• DATA FOR THIS TASK:

- - -

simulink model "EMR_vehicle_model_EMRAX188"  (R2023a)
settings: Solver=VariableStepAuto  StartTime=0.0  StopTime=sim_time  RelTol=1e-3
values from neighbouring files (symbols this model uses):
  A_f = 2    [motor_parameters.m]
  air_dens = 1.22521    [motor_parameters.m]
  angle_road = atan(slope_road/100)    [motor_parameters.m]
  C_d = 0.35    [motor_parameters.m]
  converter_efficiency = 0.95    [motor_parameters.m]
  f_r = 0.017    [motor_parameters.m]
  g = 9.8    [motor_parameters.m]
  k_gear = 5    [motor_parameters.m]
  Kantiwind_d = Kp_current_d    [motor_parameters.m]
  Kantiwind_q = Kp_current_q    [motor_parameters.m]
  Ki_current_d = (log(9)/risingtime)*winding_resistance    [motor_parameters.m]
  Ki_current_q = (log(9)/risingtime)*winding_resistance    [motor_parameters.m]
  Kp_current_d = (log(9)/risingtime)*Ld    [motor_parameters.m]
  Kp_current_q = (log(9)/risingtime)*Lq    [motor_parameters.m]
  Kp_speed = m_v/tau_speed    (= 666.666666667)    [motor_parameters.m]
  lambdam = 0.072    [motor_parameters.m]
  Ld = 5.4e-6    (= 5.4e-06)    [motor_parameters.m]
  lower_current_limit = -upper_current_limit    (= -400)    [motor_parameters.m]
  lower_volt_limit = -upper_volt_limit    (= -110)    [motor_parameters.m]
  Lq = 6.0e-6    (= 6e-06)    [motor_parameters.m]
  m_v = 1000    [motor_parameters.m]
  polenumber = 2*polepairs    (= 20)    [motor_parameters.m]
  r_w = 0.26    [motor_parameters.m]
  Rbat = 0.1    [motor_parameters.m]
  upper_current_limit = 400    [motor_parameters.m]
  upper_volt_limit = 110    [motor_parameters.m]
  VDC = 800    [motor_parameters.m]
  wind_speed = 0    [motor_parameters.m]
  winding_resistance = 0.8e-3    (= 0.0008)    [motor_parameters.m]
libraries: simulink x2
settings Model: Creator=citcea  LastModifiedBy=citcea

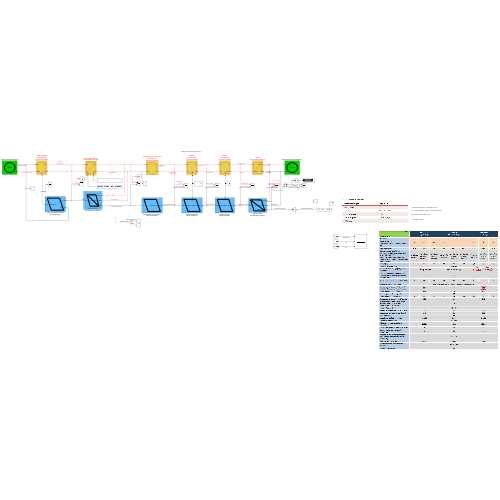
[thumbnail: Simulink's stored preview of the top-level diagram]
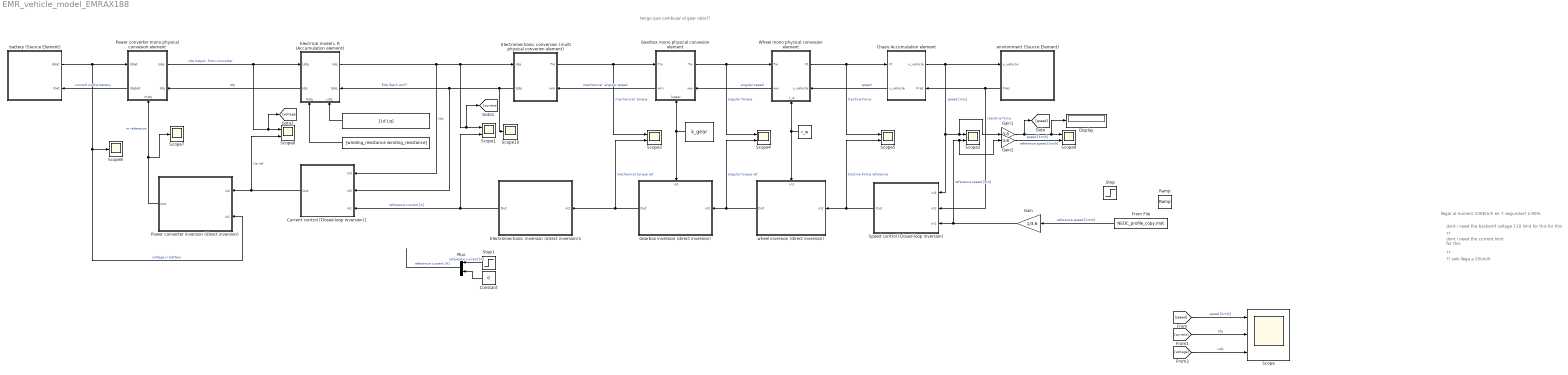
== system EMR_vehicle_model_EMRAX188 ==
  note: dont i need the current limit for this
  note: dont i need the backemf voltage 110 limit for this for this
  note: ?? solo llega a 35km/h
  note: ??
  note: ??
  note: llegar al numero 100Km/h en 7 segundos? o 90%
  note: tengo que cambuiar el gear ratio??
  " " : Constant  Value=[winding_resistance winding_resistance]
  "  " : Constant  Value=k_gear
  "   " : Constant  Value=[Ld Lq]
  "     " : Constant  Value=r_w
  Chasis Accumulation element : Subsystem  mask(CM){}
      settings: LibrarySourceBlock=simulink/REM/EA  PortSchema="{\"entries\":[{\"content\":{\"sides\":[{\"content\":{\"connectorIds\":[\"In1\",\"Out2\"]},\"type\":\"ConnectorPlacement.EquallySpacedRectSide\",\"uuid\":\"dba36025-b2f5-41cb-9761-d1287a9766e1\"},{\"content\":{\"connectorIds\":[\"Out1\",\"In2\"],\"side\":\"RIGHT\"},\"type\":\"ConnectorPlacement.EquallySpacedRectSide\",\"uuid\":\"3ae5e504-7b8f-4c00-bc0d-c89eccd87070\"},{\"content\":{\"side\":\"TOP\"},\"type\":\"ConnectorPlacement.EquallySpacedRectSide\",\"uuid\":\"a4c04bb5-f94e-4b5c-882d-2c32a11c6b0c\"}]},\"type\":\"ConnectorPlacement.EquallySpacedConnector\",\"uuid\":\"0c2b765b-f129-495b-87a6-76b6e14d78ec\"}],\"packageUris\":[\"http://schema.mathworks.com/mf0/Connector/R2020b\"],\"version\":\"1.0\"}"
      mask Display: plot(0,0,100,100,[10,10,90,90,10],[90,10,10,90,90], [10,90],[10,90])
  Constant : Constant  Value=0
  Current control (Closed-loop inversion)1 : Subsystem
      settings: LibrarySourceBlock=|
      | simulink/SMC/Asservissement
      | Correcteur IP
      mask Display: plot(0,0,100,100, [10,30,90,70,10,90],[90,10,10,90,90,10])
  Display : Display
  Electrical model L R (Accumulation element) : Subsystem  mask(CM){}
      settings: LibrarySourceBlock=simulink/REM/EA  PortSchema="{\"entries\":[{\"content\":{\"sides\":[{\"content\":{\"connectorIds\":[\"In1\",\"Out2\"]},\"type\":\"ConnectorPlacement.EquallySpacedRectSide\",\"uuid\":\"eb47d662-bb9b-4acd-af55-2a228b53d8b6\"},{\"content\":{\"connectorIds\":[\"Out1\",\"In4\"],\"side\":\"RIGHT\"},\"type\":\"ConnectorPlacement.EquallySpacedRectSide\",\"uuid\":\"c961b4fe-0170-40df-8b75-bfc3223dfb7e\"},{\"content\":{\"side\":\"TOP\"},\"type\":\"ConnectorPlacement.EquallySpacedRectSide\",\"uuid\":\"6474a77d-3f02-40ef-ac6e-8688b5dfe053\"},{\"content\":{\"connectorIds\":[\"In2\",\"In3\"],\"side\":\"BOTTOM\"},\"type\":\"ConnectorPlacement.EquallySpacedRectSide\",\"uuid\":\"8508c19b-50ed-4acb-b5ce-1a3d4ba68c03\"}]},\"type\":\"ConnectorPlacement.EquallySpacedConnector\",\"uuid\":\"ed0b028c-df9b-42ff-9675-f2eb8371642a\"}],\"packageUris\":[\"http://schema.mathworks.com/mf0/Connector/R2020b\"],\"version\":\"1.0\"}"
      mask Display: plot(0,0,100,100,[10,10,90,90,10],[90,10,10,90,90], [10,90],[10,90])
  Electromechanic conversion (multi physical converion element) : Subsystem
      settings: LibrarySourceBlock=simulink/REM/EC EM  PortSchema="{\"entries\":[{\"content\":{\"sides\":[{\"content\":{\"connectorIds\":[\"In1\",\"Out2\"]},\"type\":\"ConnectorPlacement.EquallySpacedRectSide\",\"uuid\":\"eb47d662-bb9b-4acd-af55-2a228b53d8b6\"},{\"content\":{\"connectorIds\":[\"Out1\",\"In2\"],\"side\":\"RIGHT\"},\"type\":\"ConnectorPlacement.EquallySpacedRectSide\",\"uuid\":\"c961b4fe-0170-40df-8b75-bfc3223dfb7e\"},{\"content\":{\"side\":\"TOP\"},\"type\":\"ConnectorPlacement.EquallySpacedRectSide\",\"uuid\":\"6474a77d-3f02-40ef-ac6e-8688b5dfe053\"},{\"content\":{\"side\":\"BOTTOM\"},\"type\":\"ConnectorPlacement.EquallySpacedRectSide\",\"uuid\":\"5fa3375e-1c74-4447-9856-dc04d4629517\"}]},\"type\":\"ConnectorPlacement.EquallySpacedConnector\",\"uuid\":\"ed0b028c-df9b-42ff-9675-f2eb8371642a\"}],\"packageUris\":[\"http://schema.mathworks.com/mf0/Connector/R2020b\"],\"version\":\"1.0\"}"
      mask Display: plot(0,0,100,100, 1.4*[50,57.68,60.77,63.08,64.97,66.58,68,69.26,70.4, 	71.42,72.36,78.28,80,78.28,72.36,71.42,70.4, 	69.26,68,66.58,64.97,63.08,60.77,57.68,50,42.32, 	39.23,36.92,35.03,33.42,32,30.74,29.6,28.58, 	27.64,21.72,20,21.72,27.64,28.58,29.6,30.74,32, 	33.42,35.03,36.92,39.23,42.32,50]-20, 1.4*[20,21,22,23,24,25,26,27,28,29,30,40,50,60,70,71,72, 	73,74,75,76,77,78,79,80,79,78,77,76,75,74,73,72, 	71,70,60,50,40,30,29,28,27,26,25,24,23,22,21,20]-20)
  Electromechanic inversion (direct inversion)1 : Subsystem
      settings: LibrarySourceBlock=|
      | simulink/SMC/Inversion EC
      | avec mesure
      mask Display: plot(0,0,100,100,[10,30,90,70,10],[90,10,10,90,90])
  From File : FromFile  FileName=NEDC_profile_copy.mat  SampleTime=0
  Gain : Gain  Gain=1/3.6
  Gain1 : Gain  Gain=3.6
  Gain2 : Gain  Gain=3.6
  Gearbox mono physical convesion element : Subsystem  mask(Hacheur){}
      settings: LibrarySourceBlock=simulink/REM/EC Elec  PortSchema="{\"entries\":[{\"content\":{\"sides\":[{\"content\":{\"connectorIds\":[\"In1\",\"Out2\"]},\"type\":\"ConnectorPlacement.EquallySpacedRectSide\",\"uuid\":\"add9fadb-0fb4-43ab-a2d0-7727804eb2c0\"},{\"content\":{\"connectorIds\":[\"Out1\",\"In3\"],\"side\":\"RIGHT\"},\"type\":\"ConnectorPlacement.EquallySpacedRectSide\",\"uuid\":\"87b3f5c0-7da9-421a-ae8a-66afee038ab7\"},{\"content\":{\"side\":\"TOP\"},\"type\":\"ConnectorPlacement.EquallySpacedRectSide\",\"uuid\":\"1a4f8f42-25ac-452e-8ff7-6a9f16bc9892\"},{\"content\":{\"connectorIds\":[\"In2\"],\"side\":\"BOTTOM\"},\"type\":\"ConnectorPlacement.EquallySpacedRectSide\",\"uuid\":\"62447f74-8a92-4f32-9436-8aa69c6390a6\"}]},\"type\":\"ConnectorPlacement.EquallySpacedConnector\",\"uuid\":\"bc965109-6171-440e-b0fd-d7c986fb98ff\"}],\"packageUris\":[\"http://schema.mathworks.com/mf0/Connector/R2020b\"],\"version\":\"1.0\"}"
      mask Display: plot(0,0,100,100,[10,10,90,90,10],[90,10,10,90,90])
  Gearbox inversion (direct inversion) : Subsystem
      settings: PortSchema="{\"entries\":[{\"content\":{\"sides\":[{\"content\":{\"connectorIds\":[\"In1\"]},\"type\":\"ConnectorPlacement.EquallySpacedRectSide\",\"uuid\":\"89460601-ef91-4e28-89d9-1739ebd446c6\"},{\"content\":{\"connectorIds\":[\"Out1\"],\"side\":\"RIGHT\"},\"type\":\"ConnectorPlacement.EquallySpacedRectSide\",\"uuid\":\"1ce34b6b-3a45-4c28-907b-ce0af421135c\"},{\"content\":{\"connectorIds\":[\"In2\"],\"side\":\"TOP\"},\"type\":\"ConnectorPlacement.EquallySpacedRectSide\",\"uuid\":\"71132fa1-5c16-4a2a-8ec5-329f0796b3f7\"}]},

- - -

• WHAT THIS TASK INVOLVES: Reproduce exactly the lines above from the line with "note: llegar al" to the line with "Chasis Accumulation element", including both, and add nothing.

• WRITTEN ANSWER:
  note: llegar al numero 100Km/h en 7 segundos? o 90%
  note: tengo que cambuiar el gear ratio??
  " " : Constant  Value=[winding_resistance winding_resistance]
  "  " : Constant  Value=k_gear
  "   " : Constant  Value=[Ld Lq]
  "     " : Constant  Value=r_w
  Chasis Accumulation element : Subsystem  mask(CM){}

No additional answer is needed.